Effects of ligature-induced periodontitis on levels of Aβ

According to ELISA, the total level of Aβ and the Aβ ratio (Aβ1-40/Aβ1-42) were increased in both the plasma and cortex in the CP group. The CP plus CTS group showed decreased production of Aβ in comparison to that in the CP group (Fig. 12a–d). In addition, IHC analysis was performed to assess expression of Aβ1-42. Representative images were shown in the hippocampal region and cortex, and the positive expression was increased in the CP group (Fig. 12e–f).

Fig. 12.

Fig. 12

Effects of ligature-induced periodontitis on level of Aβ. ELISA was performed to detect the total level of Aβ and the Aβ ratio (Aβ1-40/Aβ1-42) in the plasma and cortex: a total level of Aβ in the plasma (n = 6, F = 8.239, p = 0.0009), b total level of Aβ in the cortex (n = 6, F = 8.778, p = 0.0006), c the Aβ ratio in the plasma (n = 4, F = 8.031, p = 0.0033), d the Aβ ratio in the cortex (n = 4, F = 5.304, p = 0.0147). Immunohistochemistry was used to conduct histopathological analysis of brain sections. Cytoplasmic yellow/brown cytoplasm was observed in both the hippocampus and cortex of the CP group. Quantification of Aβ1-42 levels was shown: e Aβ1-42 positive cells in the hippocampus (n = 3, F = 29.83, p = 0.0001), f Aβ1-42-positive cells in the cortex (n = 3, F = 24.53, p = 0.0002), (100× and 400×, bar = 200 μm and 50 μm, respectively). (n = 4–6 per group for ELISA and n = 3 per group for IHC analysis, one-way ANOVA, *p < 0.05, **p < 0.01, and ***p < 0.001 compared to the control group; #p < 0.05, ##p < 0.01, and ###p < 0.001 compared to the CP group)

Discussion

Ligature-induced periodontitis in rats triggered inflammatory status and could further lead to a decline in cognitive function. High expression of inflammatory cytokines, especially IL-6 and IL-21, was found both in the peripheral blood and cortex. Microglia and astrocytes were significantly activated in both the cortex and hippocampus. The STAT3 signaling pathway was activated in this progress, which further resulted in abnormal APP processing and cognitive impairment.

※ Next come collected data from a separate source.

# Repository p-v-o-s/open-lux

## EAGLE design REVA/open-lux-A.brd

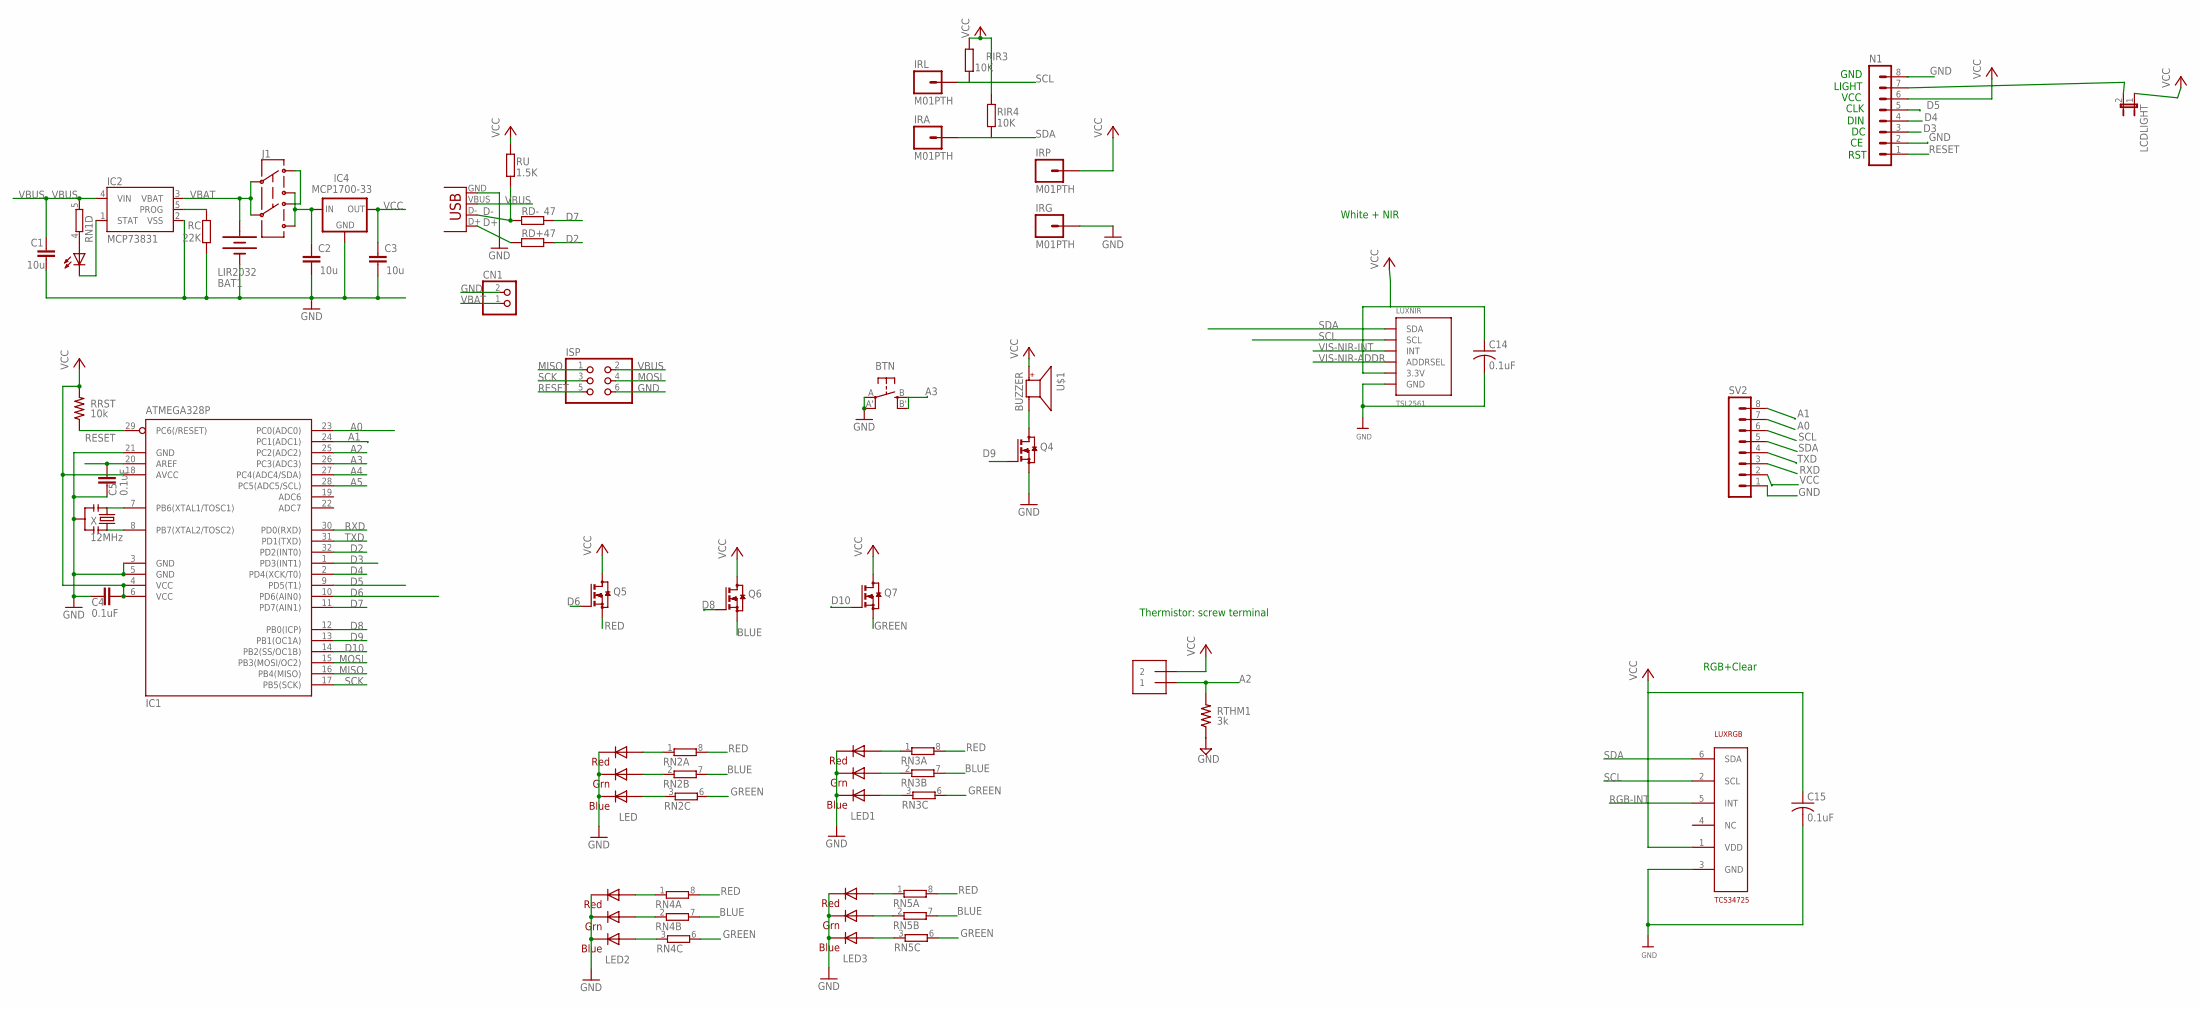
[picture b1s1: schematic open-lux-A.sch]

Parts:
BAT1: LIR2032; BATTCOM_20MM_PTH_SMT
BTN: EVQQ2; EVQ-Q2
C1, C2, C3: 10u; C0805
C4, C5, C14, C15: 0.1uF; C0805
CHG: 0805; CHIPLED_0805
CN1: JST_2PIN-SMT-RA; JST-PH-2-SMT-RA
IC1: ATMEGA328P; TQFP32-08
IC2: MCP73831; SOT23-5
IC4: MCP1700-33; SOT23
IRA: M01PTH; 1X01
IRG: M01PTH; 1X01
IRL: M01PTH; 1X01
IRP: M01PTH; 1X01
ISP: PINHD-2X3; 2X03
J1: AYZ0202
LCDLIGHT: JP1E; JP1
LED, LED1, LED2, LED3: RGBLED5050
LUXNIR: TSL2561; TSL2561_FN@1
LUXRGB: TCS34725; DFN-6
N1: MA08-1
Q4, Q5, Q6, Q7: BSS123; SOT23
RC: 22K; R0805
RD+: 47; R0805
RD-: 47; R0805
RIR3, RIR4: 10K; R0805
RN1, RN2, RN3, RN4, RN5: 4R-NEXB38V; EXB38V
RRST: 10k; R0805@1
RTHM1: 3k; R0805@1
RU: 1.5K; R0805
SV2: MA08-1
THM1: 1X2-3.5MM
U$1: BUZZER; SMT-8585-BUZZER
X: 12MHz; RESONATOR-SMD
X1: USBSMD; USB-MINIB

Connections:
A0: IC1.23 (PC0(ADC0)), SV2.7
A1: IC1.24 (PC1(ADC1)), SV2.8
A2: IC1.25 (PC2(ADC2)), RTHM1.2, THM1.1
A3: BTN.B (S), BTN.B' (S1), IC1.26 (PC3(ADC3))
A4: IC1.27 (PC4(ADC4/SDA))
A5: IC1.28 (PC5(ADC5/SCL))
AREF: C5.2, IC1.20 (AREF)
BLUE: Q6.2 (S), RN2.7 (2), RN3.7 (2), RN4.7 (2), RN5.7 (2)
D2: IC1.32 (PD2(INT0)), RD+.2
D3: IC1.1 (PD3(INT1)), N1.3
D4: IC1.2 (PD4(XCK/T0)), N1.4
D5: IC1.9 (PD5(T1)), N1.5
D6: IC1.10 (PD6(AIN0)), Q5.1 (G)
D7: IC1.11 (PD7(AIN1)), RD-.2
D8: IC1.12 (PB0(ICP)), Q6.1 (G)
D9: IC1.13 (PB1(OC1A)), Q4.1 (G)
D10: IC1.14 (PB2(SS/OC1B)), Q7.1 (G)
D+: RD+.1, X1.D+
D-: RD-.1, RU.1, X1.D-
GND: BAT1.P$1 (-), BTN.A, BTN.A' (P1), C1.2, C2.2, C3.2, C4.1, C5.1, C14.2, C15.2, CN1.2 (1), IC1.3 (GND), IC1.5 (GND), IC1.21 (GND), IC2.2 (VSS), IC4.1 (GND), IRG.1, ISP.6, LED.4 (BLUE_C), LED.5 (RED_C), LED.6 (GREEN_C), LED1.4 (BLUE_C), LED1.5 (RED_C), LED1.6 (GREEN_C), LED2.4 (BLUE_C), LED2.5 (RED_C), LED2.6 (GREEN_C), LED3.4 (BLUE_C), LED3.5 (RED_C), LED3.6 (GREEN_C), LUXNIR.VSS (GND), LUXRGB.3 (GND), N1.2, N1.8, Q4.2 (S), RC.1, RTHM1.1, SV2.1, X.2, X1.GND
GREEN: Q7.2 (S), RN2.6 (2), RN3.6 (2), RN4.6 (2), RN5.6 (2)
MISO: IC1.16 (PB4(MISO)), ISP.1
MOSI: IC1.15 (PB3(MOSI/OC2)), ISP.4
unnamed: J1.3 (1), J1.6 (4)
unnamed: IC1.7 (PB6(XTAL1/TOSC1)), X.1
unnamed: IC1.8 (PB7(XTAL2/TOSC2)), X.3
unnamed: LED.3 (BLUE_A), RN2.3 (1)
unnamed: CHG.C, IC2.1 (STAT)
unnamed: IC2.5 (PROG), RC.2
unnamed: Q4.3 (D), U$1.-
unnamed: LCDLIGHT.2, N1.7
unnamed: LED.1 (GREEN_A), RN2.2 (1)
unnamed: CHG.A, RN1.4 (1)
unnamed: LED.2 (RED_A), RN2.1
unnamed: LED1.3 (BLUE_A), RN3.3 (1)
unnamed: LED1.1 (GREEN_A), RN3.2 (1)
unnamed: LED1.2 (RED_A), RN3.1
unnamed: LED2.3 (BLUE_A), RN4.3 (1)
unnamed: LED2.1 (GREEN_A), RN4.2 (1)
unnamed: LED2.2 (RED_A), RN4.1
unnamed: LED3.3 (BLUE_A), RN5.3 (1)
unnamed: LED3.1 (GREEN_A), RN5.2 (1)
unnamed: LED3.2 (RED_A), RN5.1
RED: Q5.2 (S), RN2.8 (2), RN3.8 (2), RN4.8 (2), RN5.8 (2)
RESET: IC1.29 (PC6(/RESET)), ISP.5, N1.1, RRST.1
RGB-INT: LUXRGB.5 (INT)
RXD: IC1.30 (PD0(RXD)), SV2.3
SCK: IC1.17 (PB5(SCK)), ISP.3
SCL: IRL.1, LUXNIR.CLK (SCL), LUXRGB.2 (SCL), RIR3.1, SV2.6
SDA: IRA.1, LUXNIR.DATA (SDA), LUXRGB.6 (SDA), RIR4.1, SV2.5
TXD: IC1.31 (PD1(TXD)), SV2.4
VBAT: BAT1.P$2 (+), CN1.1 (2), IC2.3 (VBAT), J1.2, J1.5
VBUS: C1.1, IC2.4 (VIN), ISP.2, RN1.5 (2), X1.VBUS
VCC: C3.1, C4.2, C14.1, C15.1, IC1.4 (VCC), IC1.6 (VCC), IC1.18 (AVCC), IC4.2 (OUT), IRP.1, LCDLIGHT.1, LUXNIR.VDD (3.3V), LUXRGB.1 (VDD), N1.6, Q5.3 (D), Q6.3 (D), Q7.3 (D), RIR3.2, RIR4.2, RRST.2, RU.2, SV2.2, THM1.2, U$1.+
VDD: C2.1, IC4.3 (IN), J1.1 (3), J1.4 (6)
VIS-NIR-ADDR: LUXNIR.ADR (ADDRSEL)
VIS-NIR-INT: LUXNIR.INT

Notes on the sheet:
RGB+Clear
White + NIR
RST
DIN
CLK
VCC
LIGHT
GND
Thermistor: screw terminal

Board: 2 copper layers, 50 parts (2 on the bottom side), 52 nets, no tracks yet.

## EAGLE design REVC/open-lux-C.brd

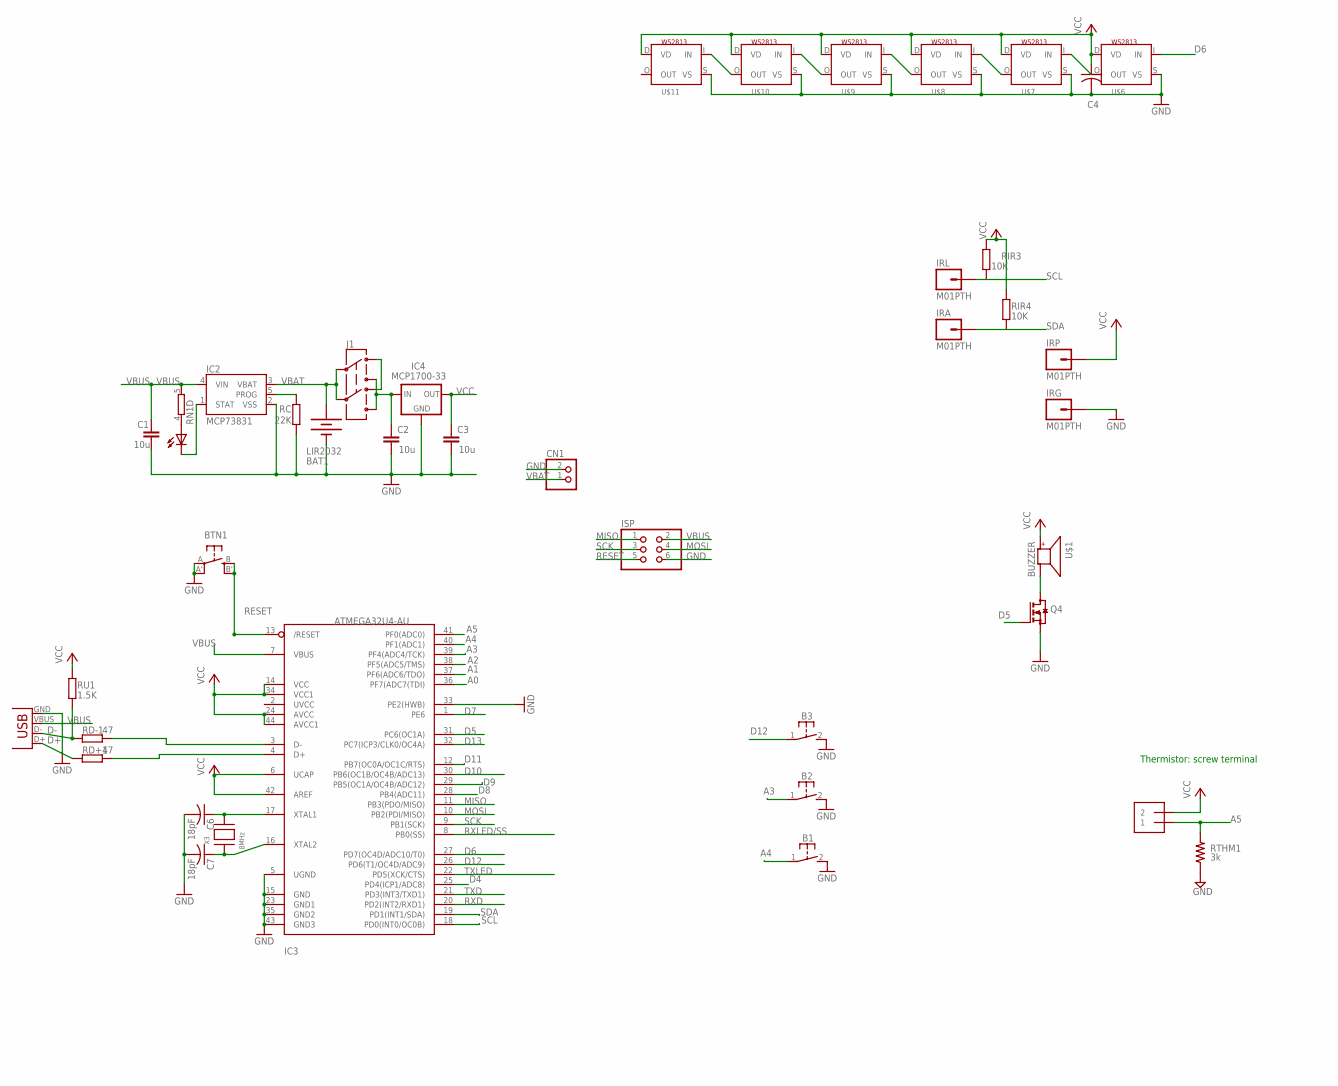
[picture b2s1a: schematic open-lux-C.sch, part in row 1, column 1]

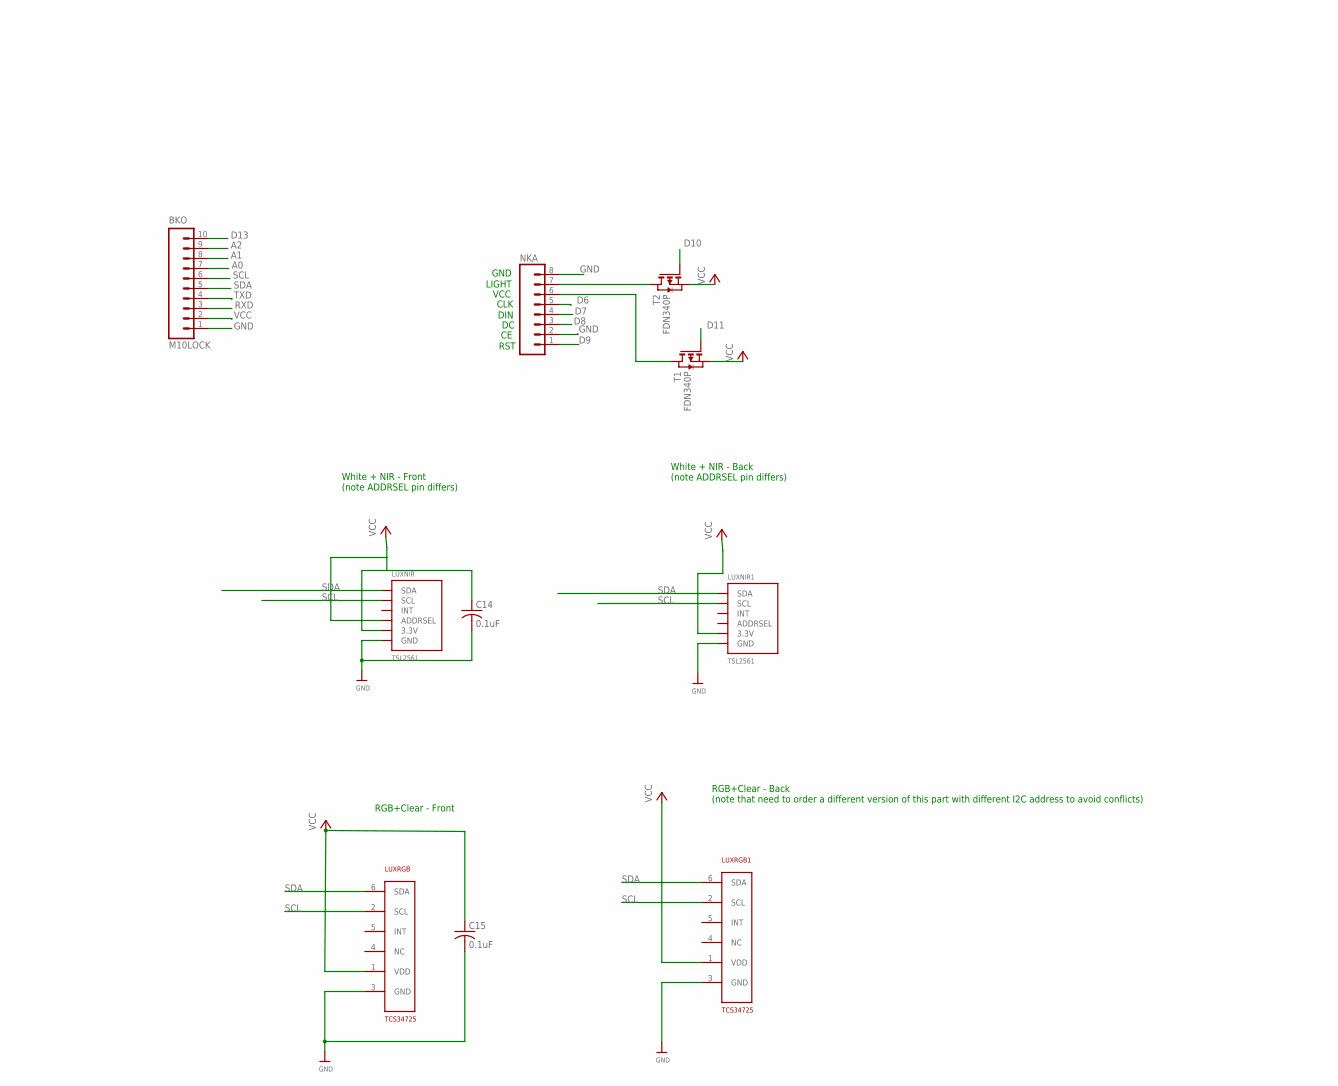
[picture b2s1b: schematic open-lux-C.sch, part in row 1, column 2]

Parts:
B1, B2, B3: 31-XX; B3F-31XX
BAT1: LIR2032; BATTCOM_20MM_PTH_SMT
BKO: M10LOCK; 1X10_LOCK
BTN1: EVQQ2; EVQ-Q2
C1, C2, C3: 10u; C0805
C4: C-USC0805K; C0805K
C6, C7: 18pF; C0805K
C14, C15: 0.1uF; C0805
CHG: 0805; CHIPLED_0805
CN1: JST_2PIN-SMT-RA; JST-PH-2-SMT-RA
IC2: MCP73831; SOT23-5
IC3: ATMEGA32U4-AU; TQFP44
IC4: MCP1700-33; SOT23
IRA: M01PTH; 1X01
IRG: M01PTH; 1X01
IRL: M01PTH; 1X01
IRP: M01PTH; 1X01
ISP: PINHD-2X3; 2X03
J1: AYZ0202
LUXNIR, LUXNIR1: TSL2561; TSL2561_FN@1
LUXRGB, LUXRGB1: TCS34725; DFN-6
NKA: M08LOCK; 1X08_LOCK
Q4: BSS123; SOT23
RC: 22K; R0805
RD+1: 47; R0805
RD-1: 47; R0805
RIR3, RIR4: 10K; R0805
RN1: 4R-NEXB38V; EXB38V
RTHM1: 3k; R0805@1
RU1: 1.5K; R0805
T1, T2: FDN340P; SOT-23
THM1: 1X2-3.5MM
U$1: BUZZER; SMT-8585-BUZZER
U$6, U$7, U$8, U$9, U$10, U$11: WS2813; RGBLED5050_4
X2: USBSMD; USB-MINIB
X3: 8MHz; NX5032

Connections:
A0: BKO.7, IC3.36 (PF7(ADC7(TDI))
A1: BKO.8, IC3.37 (PF6(ADC6/TDO))
A2: BKO.9, IC3.38 (PF5(ADC5/TMS))
A3: B2.1, IC3.39 (PF4(ADC4/TCK))
A4: B1.1, IC3.40 (PF1(ADC1))
A5: IC3.41 (PF0(ADC0)), RTHM1.2, THM1.1
D4: IC3.25 (PD4(ICP1/ADC8))
D5: IC3.31 (PC6(OC1A)), Q4.1 (G)
D6: IC3.27 (PD7(OC4D/ADC10/T0)), NKA.5, U$6.I (IN)
D7: IC3.1 (PE6), NKA.4
D8: IC3.28 (PB4(ADC11)), NKA.3
D9: IC3.29 (PB5(OC1A/OC4B/ADC12)), NKA.1
D10: IC3.30 (PB6(OC1B/OC4B/ADC13)), T2.3 (G)
D11: IC3.12 (PB7(OC0A/OC1C/RTS)), T1.3 (G)
D12: B3.1, IC3.26 (PD6(T1/OC4D/ADC9))
D13: BKO.10, IC3.32 (PC7(ICP3/CLK0/OC4A))
D+: RD+1.1, X2.D+
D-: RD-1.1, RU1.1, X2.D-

Although several studies found that periodontal pathogens can affect learning and memory ability, the effect of ligature-induced periodontitis on cognitive function has not yet been investigated [9, 10]. Periodontal ligature is a recognized and widely used method for establishing an animal model of periodontitis. As a promoting factor of plaque formation, ligature can cause continuous accumulation of plaques and infiltration of inflammatory cells, resulting in the destruction of periodontal connective tissue and loss of alveolar bone [22, 23]. Most studies used this model to evaluate the condition of the local periodontal tissue, while few focused on its impact on cognitive function [24, 25]. The results of our study showed that not only could periodontal ligature cause damage of periodontal tissues (Fig. 2), but also increase the levels of inflammatory cytokines in peripherial blood (Fig. 3) and cortex (Fig. 8). Besides, the learning and memory ability was impaired according to the MWM test (Fig. 5).

Dysregulated proinflammatory cytokines in periodontitis may induce inflammatory processes and neuroinflammation [7, 26]. Previous studies have shown that circulating IL-6 levels are obviously increased in patients with periodontitis [27]. In our study, we demonstrated that ligature-induced periodontitis can upregulate the levels of inflammatory factors, especially IL-6 and IL-21. The canonical IL-6 signaling pathway is initiated by the phosphorylation of STAT3 [28]. STAT3 is involved in the pathological process of the inflammatory response in the brain and plays a very important role [2931]. Neuroinflammation is mainly caused by the activation of microglia and astrocytes and the release of cytokines, chemokines, or growth factors [32]. Both microglia and astrocytes are in a proinflammatory state in neurodegenerative disorders and neuroinflammation probably plays a substantial role in neurodegeneration [33]. This work demonstrated that ligature-induced periodontitis induced neuroinflammation via the activation of STAT3, as the levels of inflammatory factors were increased as well as the activated state of microglia and astrocytes were found in the hippocampus and cortex, while these changes could be alleviated by pSTAT3 inhibitor CTS (Figs. 6 and 7).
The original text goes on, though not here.